Background: Doxycycline monotherapy at antimicrobial doses has been shown to be effective for the treatment of rosacea. Objective: To evaluate the efficacy and safety of once-daily anti-inflammatory dose doxycycline for the treatment of rosacea. Methods: In two phase III, parallel-group, multicenter, randomized, double-blind, placebo-controlled studies (studies 301 and 302), patients received 40-mg of controlled-release doxycycline (n = 269) or placebo (n = 268) for 16 weeks. The primary efficacy end point was the mean change from baseline in facial inflammatory lesion count.

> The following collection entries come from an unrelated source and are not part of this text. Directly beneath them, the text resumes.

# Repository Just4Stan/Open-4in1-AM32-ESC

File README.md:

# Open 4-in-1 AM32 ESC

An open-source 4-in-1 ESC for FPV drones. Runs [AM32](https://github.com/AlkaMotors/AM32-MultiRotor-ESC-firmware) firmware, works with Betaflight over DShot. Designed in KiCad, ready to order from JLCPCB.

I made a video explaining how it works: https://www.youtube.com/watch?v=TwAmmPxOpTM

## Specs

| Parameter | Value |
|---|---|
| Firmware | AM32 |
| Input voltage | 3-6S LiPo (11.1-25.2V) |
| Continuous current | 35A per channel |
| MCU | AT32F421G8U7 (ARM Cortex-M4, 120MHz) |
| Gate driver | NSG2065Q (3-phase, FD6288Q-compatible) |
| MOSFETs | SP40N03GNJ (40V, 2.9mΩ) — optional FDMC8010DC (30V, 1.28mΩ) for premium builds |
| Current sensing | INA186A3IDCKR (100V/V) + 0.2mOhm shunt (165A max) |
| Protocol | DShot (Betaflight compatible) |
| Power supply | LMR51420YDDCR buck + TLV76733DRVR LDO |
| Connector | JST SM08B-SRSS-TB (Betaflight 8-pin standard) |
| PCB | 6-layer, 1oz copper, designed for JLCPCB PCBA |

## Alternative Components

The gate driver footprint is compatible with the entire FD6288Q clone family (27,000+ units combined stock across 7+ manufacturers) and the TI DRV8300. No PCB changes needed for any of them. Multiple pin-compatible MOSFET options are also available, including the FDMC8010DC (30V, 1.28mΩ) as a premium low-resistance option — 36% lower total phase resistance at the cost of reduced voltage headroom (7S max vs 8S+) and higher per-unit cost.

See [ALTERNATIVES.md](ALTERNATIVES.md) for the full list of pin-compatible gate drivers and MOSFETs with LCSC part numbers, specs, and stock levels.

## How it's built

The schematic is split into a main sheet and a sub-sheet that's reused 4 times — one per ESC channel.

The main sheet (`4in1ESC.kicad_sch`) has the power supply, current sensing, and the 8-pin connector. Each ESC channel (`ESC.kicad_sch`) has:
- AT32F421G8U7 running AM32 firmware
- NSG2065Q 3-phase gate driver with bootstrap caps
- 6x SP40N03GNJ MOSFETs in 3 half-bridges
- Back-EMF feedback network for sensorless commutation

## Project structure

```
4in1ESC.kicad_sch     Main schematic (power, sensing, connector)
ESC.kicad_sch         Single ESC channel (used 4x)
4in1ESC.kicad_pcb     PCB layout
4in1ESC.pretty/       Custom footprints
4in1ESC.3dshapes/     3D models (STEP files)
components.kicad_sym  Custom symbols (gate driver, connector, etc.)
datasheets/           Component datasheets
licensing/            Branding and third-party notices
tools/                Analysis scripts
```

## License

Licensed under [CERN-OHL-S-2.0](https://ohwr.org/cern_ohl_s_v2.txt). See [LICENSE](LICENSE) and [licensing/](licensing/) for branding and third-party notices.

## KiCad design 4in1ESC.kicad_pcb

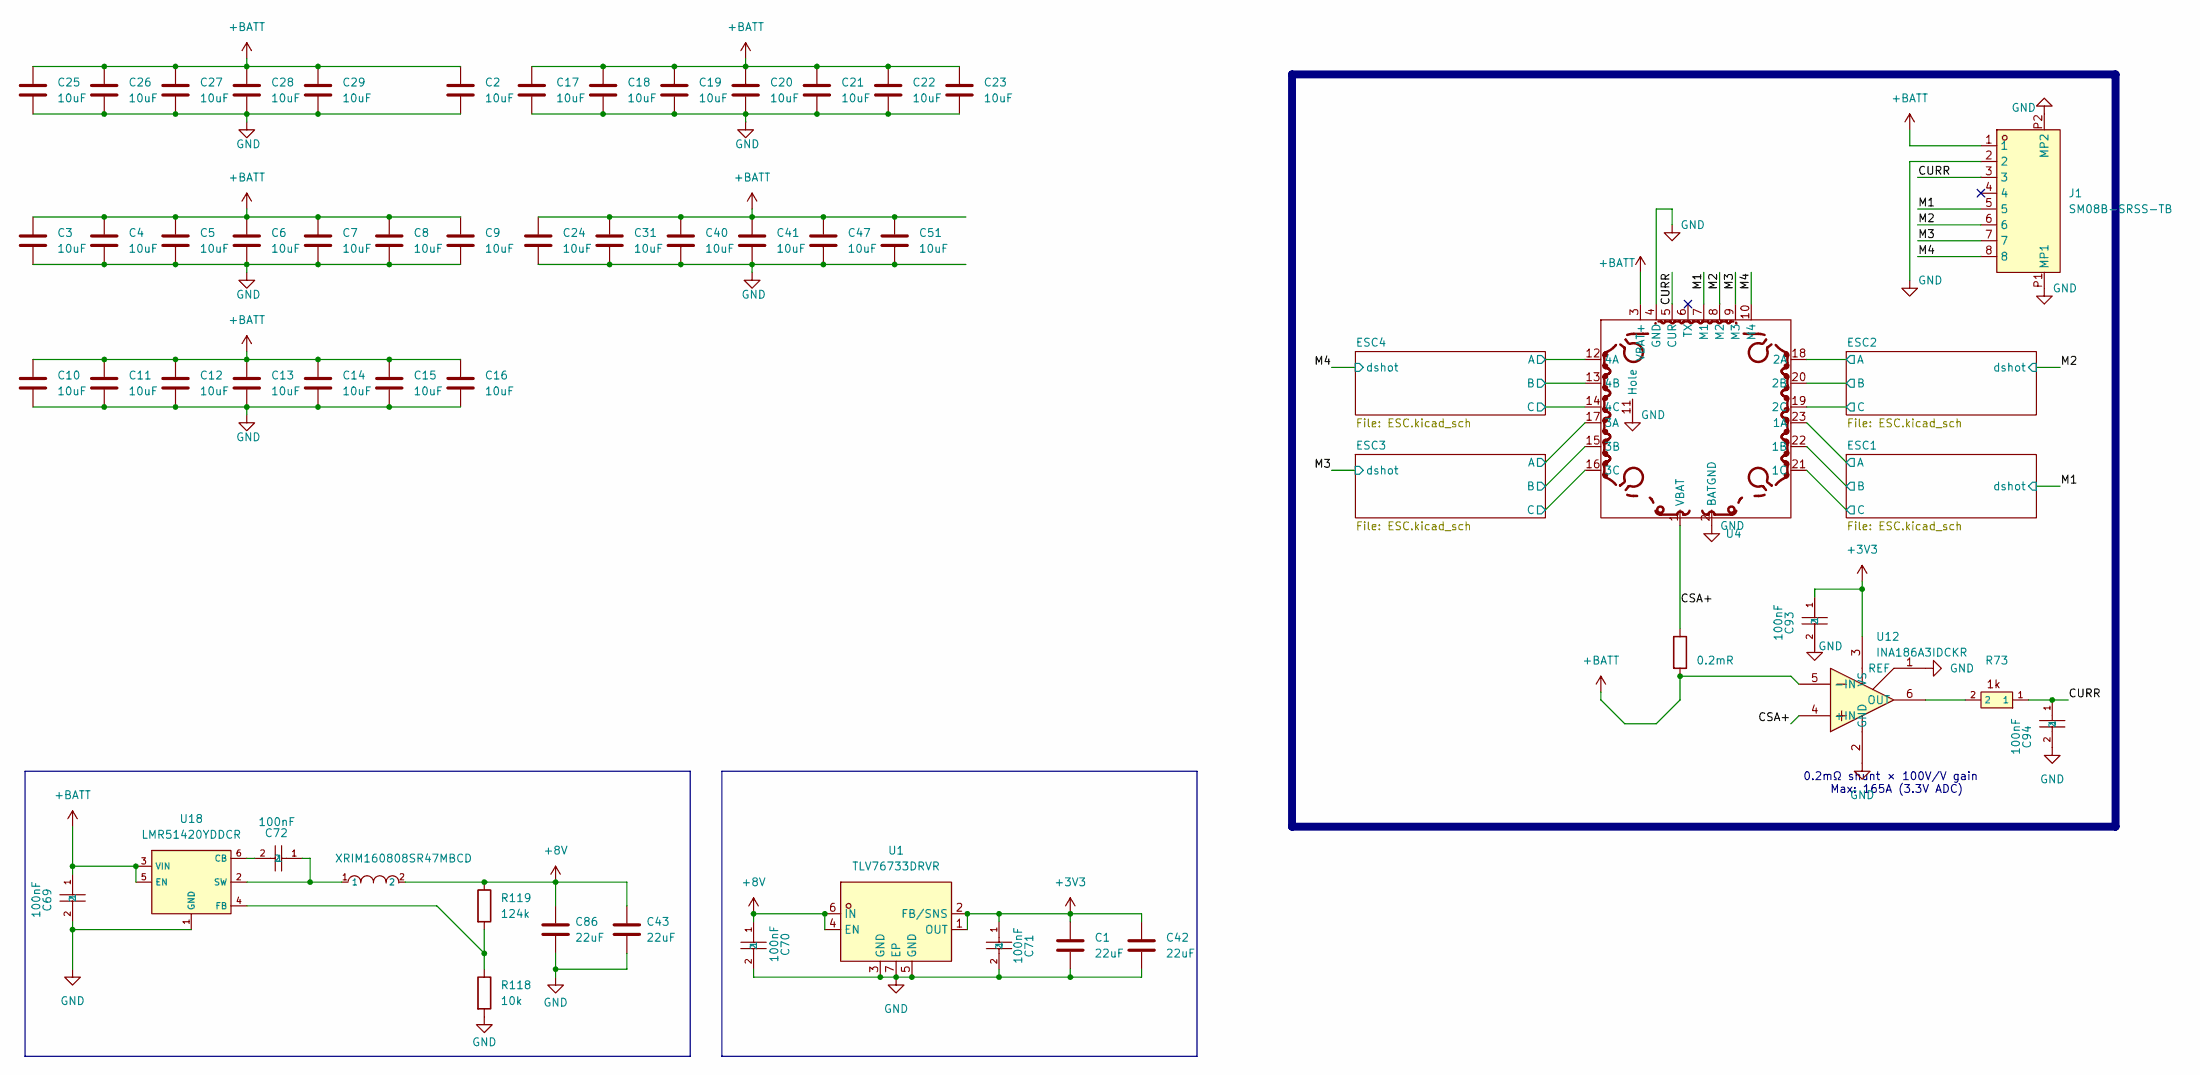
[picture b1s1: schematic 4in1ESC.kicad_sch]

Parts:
C1, C42: 22uF; C_0402_1005Metric; LCSC C105226
C2, C3, C4, C5, C6, C7, C8, C9, C10, C11, C12, C13, C14, C15, C16, C17, C18, C19, C20, C21, C22, C23, C24, C25, C26, C27, C28, C29, C31, C40, C41, C47, C51: 10uF; C_0805_2012Metric; LCSC C2932476
C43, C86: 22uF; C_0603_1608Metric; LCSC C2762594
C69, C70, C71, C72, C93, C94: 100nF; C_0201_0603Metric; LCSC C181043
J1: SM08B-SRSS-TB; JST_SM08B-SRSS-TB; LCSC C160407
R73: 1k; C_0201_0603Metric; LCSC C270365
R118: 10k; C_0201_0603Metric; LCSC C106225
R119: 124k; R_0201_0603Metric; LCSC C423759
Rsense1: 0.2mR; R_2512_6332Metric; LCSC C695806
U1: TLV76733DRVR; WSON-6_L2.0-W2.0-P0.65-TL-EP; LCSC C2848334
U4: 4in1ESC
U5: XRIM160808SR47MBCD; IND-SMD_L1.6-W0.8_FTC160865SR47MBCA; LCSC C48391583
U12: INA186A3IDCKR; SOT-363_SC-70-6; LCSC C2058245
U18: LMR51420YDDCR; SOT-23-6_L2.9-W1.6-P0.95-LS2.9-BL; LCSC C7296200

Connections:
+3V3: C1.2, C42.2, C71.1, C93.1, U1.1 (OUT), U1.2 (FB/SNS), U12.3 (VS); also elsewhere on the board
+8V: C43.1, C70.1, C86.1, R119.1, U1.4 (EN), U1.6 (IN), U5.2; also elsewhere on the board
+BATT: C2.1, C3.1, C4.1, C5.1, C6.1, C7.1, C8.1, C9.1, C10.1, C11.1, C12.1, C13.1, C14.1, C15.1, C16.1, C17.1, C18.1, C19.1, C20.1, C21.1, C22.1, C23.1, C24.1, C25.1, C26.1, C27.1, C28.1, C29.1, C31.1, C40.1, C41.1, C47.1, C51.1, C69.1, J1.1, Rsense1.2, U4.3 (VBAT+), U12.5 (-IN), U18.3 (VIN), U18.5 (EN); also elsewhere on the board
/CSA+: Rsense1.1, U4.1 (VBAT), U12.4 (+IN)
/CURR: C94.1, J1.3, R73.1, U4.5 (CUR)
/ESC1/MotorA: U4.23 (1A); also elsewhere on the board
/ESC1/MotorB: U4.22 (1B); also elsewhere on the board
/ESC1/MotorC: U4.21 (1C); also elsewhere on the board
/ESC2/MotorA: U4.18 (2A); also elsewhere on the board
/ESC2/MotorB: U4.20 (2B); also elsewhere on the board
/ESC2/MotorC: U4.19 (2C); also elsewhere on the board
/ESC3/MotorA: U4.17 (3A); also elsewhere on the board
/ESC3/MotorB: U4.15 (3B); also elsewhere on the board
/ESC3/MotorC: U4.16 (3C); also elsewhere on the board
/ESC4/MotorA: U4.12 (4A); also elsewhere on the board
/ESC4/MotorB: U4.13 (4B); also elsewhere on the board
/ESC4/MotorC: U4.14 (4C); also elsewhere on the board
/M1: J1.5, U4.7 (M1); also elsewhere on the board
/M2: J1.6, U4.8 (M2); also elsewhere on the board
/M3: J1.7, U4.9 (M3); also elsewhere on the board
/M4: J1.8, U4.10 (M4); also elsewhere on the board
GND: C1.1, C2.2, C3.2, C4.2, C5.2, C6.2, C7.2, C8.2, C9.2, C10.2, C11.2, C12.2, C13.2, C14.2, C15.2, C16.2, C17.2, C18.2, C19.2, C20.2, C21.2, C22.2, C23.2, C24.2, C25.2, C26.2, C27.2, C28.2, C29.2, C31.2, C40.2, C41.2, C42.1, C43.2, C47.2, C51.2, C69.2, C70.2, C71.2, C86.2, C93.2, C94.2, J1.2, J1.P1 (MP1), J1.P2 (MP2), R118.2, U1.3 (GND), U1.5 (GND), U1.7 (EP), U4.2 (BATGND), U4.4 (GND), U4.11 (Hole), U12.1 (REF), U12.2 (GND), U18.1 (GND); also elsewhere on the board
unnamed: R73.2, U12.6 (OUT)
unnamed: C72.2, U18.6 (CB)
unnamed: R118.1, R119.2, U18.4 (FB)
unnamed: C72.1, U5.1, U18.2 (SW)

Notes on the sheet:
0.2mΩ shunt × 100V/V gain Max: 165A (3.3V ADC)

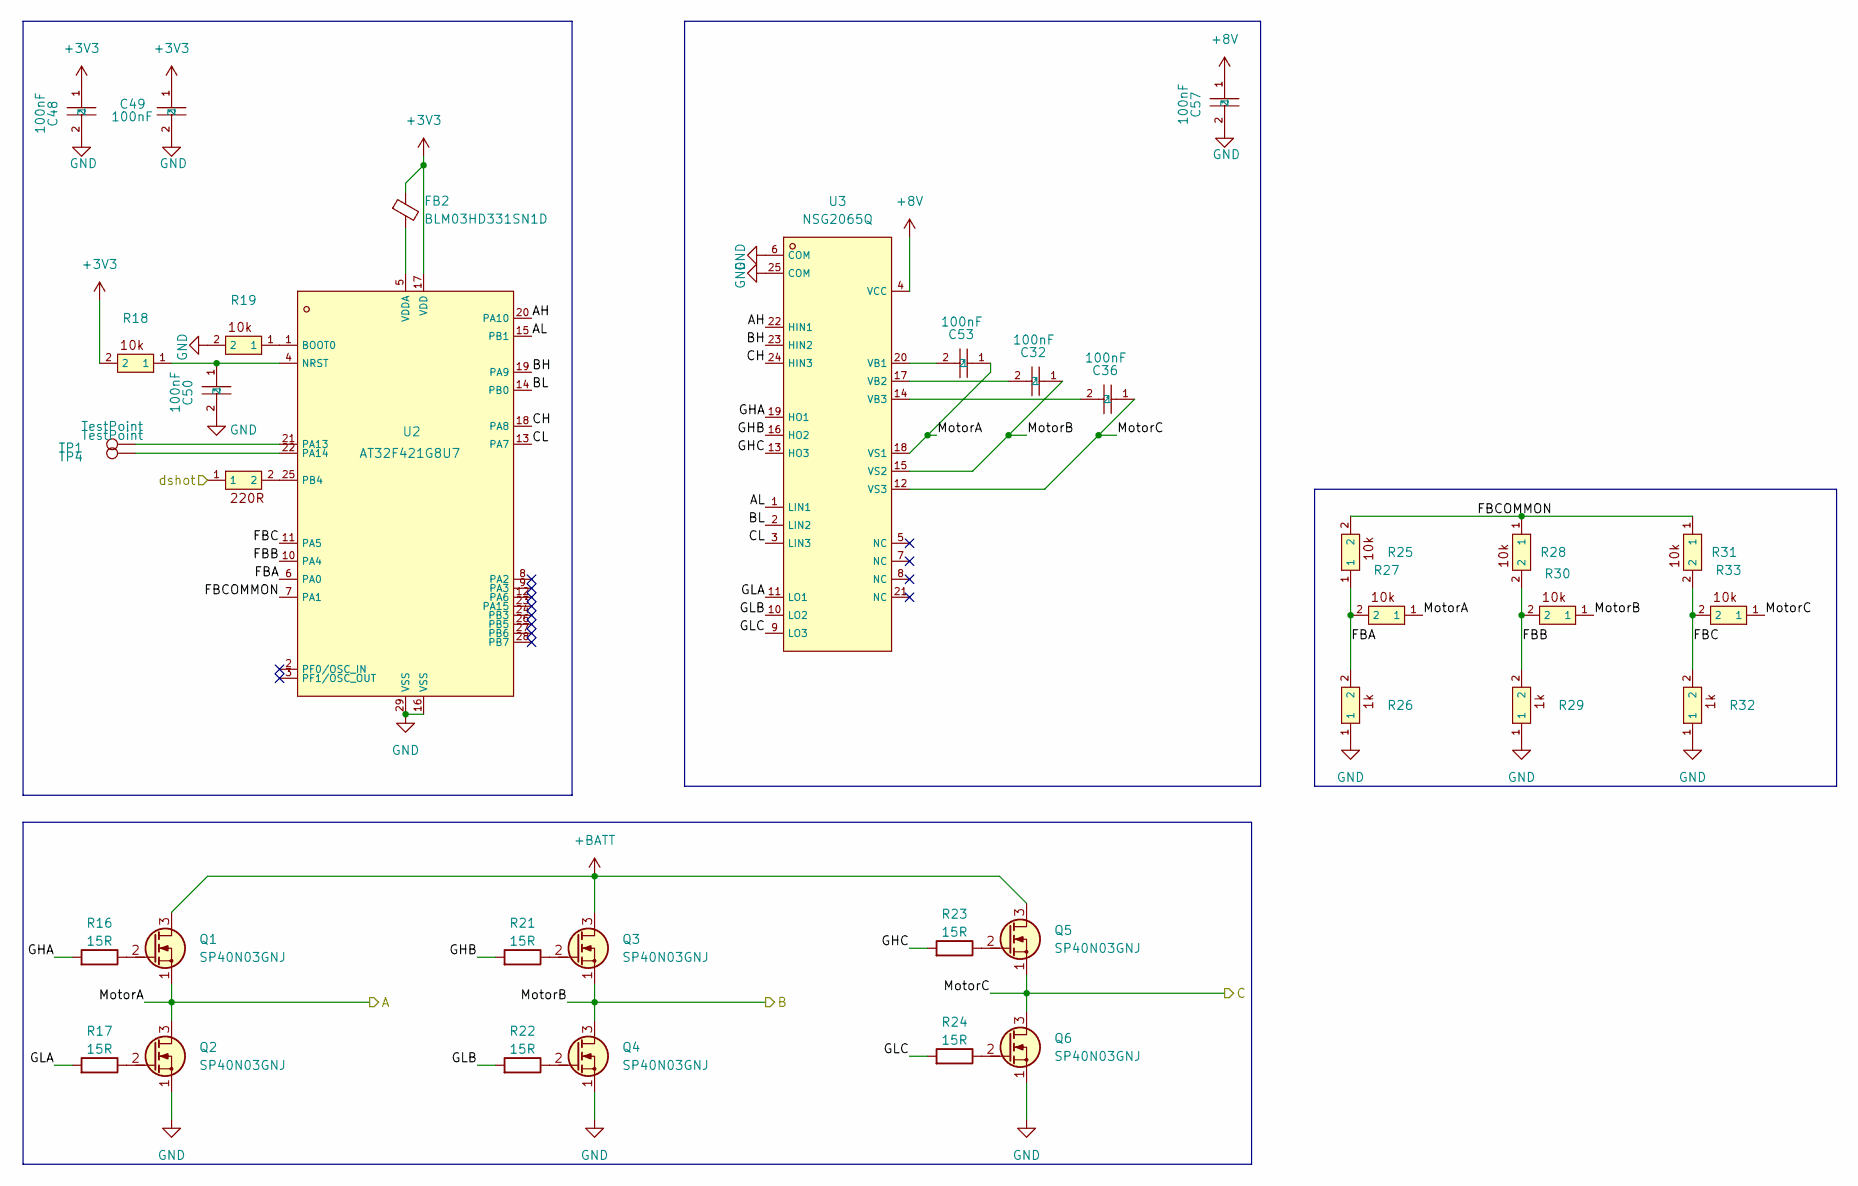
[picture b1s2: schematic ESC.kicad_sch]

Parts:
C32, C36, C53: 100nF; C_0402_1005Metric; LCSC C307331
C48, C49, C50, C57: 100nF; C_0201_0603Metric; LCSC C181043
FB2: BLM03HD331SN1D; L_0201_0603Metric; LCSC C440127
Q1, Q2, Q3, Q4, Q5, Q6: SP40N03GNJ; POWERPAK-1212-8_L3.0-W3.0-P0.65-LS3.3-BL; LCSC C22466709
R16, R17, R21, R22, R23, R24: 15R; C_0201_0603Metric; LCSC C473542
R18, R19, R25, R27, R28, R30, R31, R33: 10k; C_0201_0603Metric; LCSC C106225
R20: 220R; R_0201_0603Metric; LCSC C226468
R26, R29, R32: 1k; C_0201_0603Metric; LCSC C270365
TP1, TP4: TestPoint; TestPoint_Pad_D1.0mm
U2: AT32F421G8U7; QFN-28_L4.0-W4.0-P0.40-TL-EP2.4; LCSC C2765098
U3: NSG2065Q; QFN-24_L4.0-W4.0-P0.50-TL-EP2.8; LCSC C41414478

Results: The mean lesion count at baseline was approximately 20 in each study arm. At week 16, the mean change from baseline in lesion count in the active-treatment groups was -11.8 in study 301 and -9.5 in study 302 compared with -5.9 and -4.3, respectively, in the placebo groups (P < .001 for both comparisons). Anti-inflammatory dose doxycycline was well tolerated; the most common adverse events were nasopharyngitis (4.8%), diarrhea (4.4%), and headache (4.4%). Limitations: In both studies, the reduction of inflammatory lesion counts did not plateau within the 16-week time frame in either treatment group. Rosacea is often treated for a period of months or years. The duration of the studies did not allow for assessment of safety beyond 16 weeks or whether the progressive improvement seen with active treatment would continue beyond 16 weeks. Neither study assessed the effect of treatment in patients with only erythematotelangiectatic (subtype 1) rosacea. Conclusion: Once-daily anti-inflammatory dose doxycycline appears to be effective and safe for the treatment of rosacea.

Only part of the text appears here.